Самым рьяным из «закадычных» гостей оказался министр внутренних дел Щелоков (тогда людям Крючкова вполне удалось подслушать разговор) – он склонял бывшего генерального явиться в Политбюро, восстановиться на правах члена ЦК и поставить вопрос о неправомерности аппаратной перестановки:
– А мы, Леонид Ильич, мы вас поддержим. Надо будет, я весь личный состав милиции за вас подниму!
– Ты что ж это, Николай… Анисимович? Переворот в стране… хм-х… хочешь учудить? – В непередаваемой нечленораздельной манере отвечал отставной генсек – подборку документов ему подавали очень тонко, факты по «делу Щелокова» там были пока косвенные, упоминались вскользь (не дай бог о фатальном финале), но уже создавали неприглядное впечатление
[82].
И хмурил фирменные брови:
– Не обессудь… Николай… напортачишь, вовек не отмоешься.

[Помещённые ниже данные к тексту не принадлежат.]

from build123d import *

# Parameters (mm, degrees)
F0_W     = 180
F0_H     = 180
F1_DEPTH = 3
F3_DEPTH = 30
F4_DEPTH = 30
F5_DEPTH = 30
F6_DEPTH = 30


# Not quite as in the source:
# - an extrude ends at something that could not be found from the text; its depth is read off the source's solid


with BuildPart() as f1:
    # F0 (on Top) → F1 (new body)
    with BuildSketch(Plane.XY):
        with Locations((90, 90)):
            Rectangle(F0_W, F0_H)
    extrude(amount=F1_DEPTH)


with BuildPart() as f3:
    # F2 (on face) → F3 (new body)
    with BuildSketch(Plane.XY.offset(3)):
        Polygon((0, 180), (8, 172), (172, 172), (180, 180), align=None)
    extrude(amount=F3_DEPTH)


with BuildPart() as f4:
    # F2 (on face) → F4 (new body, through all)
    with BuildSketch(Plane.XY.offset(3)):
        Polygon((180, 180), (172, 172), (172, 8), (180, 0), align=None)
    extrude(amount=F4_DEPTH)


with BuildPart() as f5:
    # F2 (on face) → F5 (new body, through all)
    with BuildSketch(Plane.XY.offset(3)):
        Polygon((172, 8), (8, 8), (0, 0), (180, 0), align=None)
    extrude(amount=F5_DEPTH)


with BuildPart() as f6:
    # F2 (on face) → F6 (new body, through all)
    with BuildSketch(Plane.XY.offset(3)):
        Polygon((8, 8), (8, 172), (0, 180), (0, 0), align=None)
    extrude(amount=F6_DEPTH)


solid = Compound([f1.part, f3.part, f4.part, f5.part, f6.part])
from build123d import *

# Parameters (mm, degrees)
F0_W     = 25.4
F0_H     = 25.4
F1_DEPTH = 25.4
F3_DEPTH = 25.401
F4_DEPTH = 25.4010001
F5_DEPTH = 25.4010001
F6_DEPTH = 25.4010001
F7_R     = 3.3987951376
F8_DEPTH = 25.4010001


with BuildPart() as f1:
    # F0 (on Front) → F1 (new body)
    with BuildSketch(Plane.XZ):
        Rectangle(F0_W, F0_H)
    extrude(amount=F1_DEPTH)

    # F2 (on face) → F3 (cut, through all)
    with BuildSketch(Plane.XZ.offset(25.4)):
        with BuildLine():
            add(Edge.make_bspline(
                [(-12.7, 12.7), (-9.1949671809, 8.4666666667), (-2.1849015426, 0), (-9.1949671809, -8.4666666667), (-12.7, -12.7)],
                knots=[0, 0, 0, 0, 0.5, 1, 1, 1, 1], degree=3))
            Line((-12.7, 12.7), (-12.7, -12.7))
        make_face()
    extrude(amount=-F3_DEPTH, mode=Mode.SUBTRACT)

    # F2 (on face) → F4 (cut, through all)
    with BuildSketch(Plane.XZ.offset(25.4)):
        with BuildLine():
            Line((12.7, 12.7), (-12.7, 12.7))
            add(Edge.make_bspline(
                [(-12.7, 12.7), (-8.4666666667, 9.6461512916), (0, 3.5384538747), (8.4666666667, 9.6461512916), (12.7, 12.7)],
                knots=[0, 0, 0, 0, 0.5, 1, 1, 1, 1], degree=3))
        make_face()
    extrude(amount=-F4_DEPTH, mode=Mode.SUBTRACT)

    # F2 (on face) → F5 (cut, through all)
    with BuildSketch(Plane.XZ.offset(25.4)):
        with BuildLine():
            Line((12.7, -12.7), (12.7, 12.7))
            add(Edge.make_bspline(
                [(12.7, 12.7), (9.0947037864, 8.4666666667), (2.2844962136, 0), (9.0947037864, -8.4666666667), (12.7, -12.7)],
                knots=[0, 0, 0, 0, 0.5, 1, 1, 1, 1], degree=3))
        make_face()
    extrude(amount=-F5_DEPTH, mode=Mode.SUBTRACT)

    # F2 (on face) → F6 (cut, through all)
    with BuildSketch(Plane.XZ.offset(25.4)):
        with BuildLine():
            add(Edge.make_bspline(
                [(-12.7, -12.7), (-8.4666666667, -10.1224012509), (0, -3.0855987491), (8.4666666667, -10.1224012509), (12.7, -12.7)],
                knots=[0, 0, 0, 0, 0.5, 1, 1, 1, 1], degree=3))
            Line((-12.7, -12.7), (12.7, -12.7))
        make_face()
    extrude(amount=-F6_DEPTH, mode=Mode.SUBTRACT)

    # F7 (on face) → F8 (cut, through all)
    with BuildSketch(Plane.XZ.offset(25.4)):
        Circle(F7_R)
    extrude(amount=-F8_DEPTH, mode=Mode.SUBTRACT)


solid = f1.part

– Удивляет, что «днепропетровцы» только сейчас особенно зашевелились… – Где-то там за окном из-за тучек пробилось солнце, резанув предательским лучом, и Андропов, точно завзятый вампир, мгновенно отреагировал, задернув штору. – Впрочем, ничего странного – Леонид Ильич чувствует себя лучше, встал на ноги. Вот и закопошились.
– Только ничего у них не выйдет, слабый это теперь рычаг – Брежнев.
– Не скажи, – возразил Юрий Владимирович, – так просто с арены политических расчетов его не спишут. Влияние за ним по-прежнему держится. А ведь в хрониках будущего на такие сценарии и намека не было – всех оппонентов, включая Щелокова, удалось легко «уйти».
– Юрий Владимирович, – чуть гнусаво потянул генерал-лейтенант, – не обязательно так возносить этих журналистов-расследователей, что потом «в гласности» будут строчить свои опусы – они попросту могли и не знать всех правительственных и внутрипартийных перипетий. Да и сор из избы, знаете ли… секретные параграфы никто не отменял. А у нас так и совсем ситуация иная – «днепропетровцы» наверняка питаются иллюзией, что пока Брежнев жив, он за них вступится.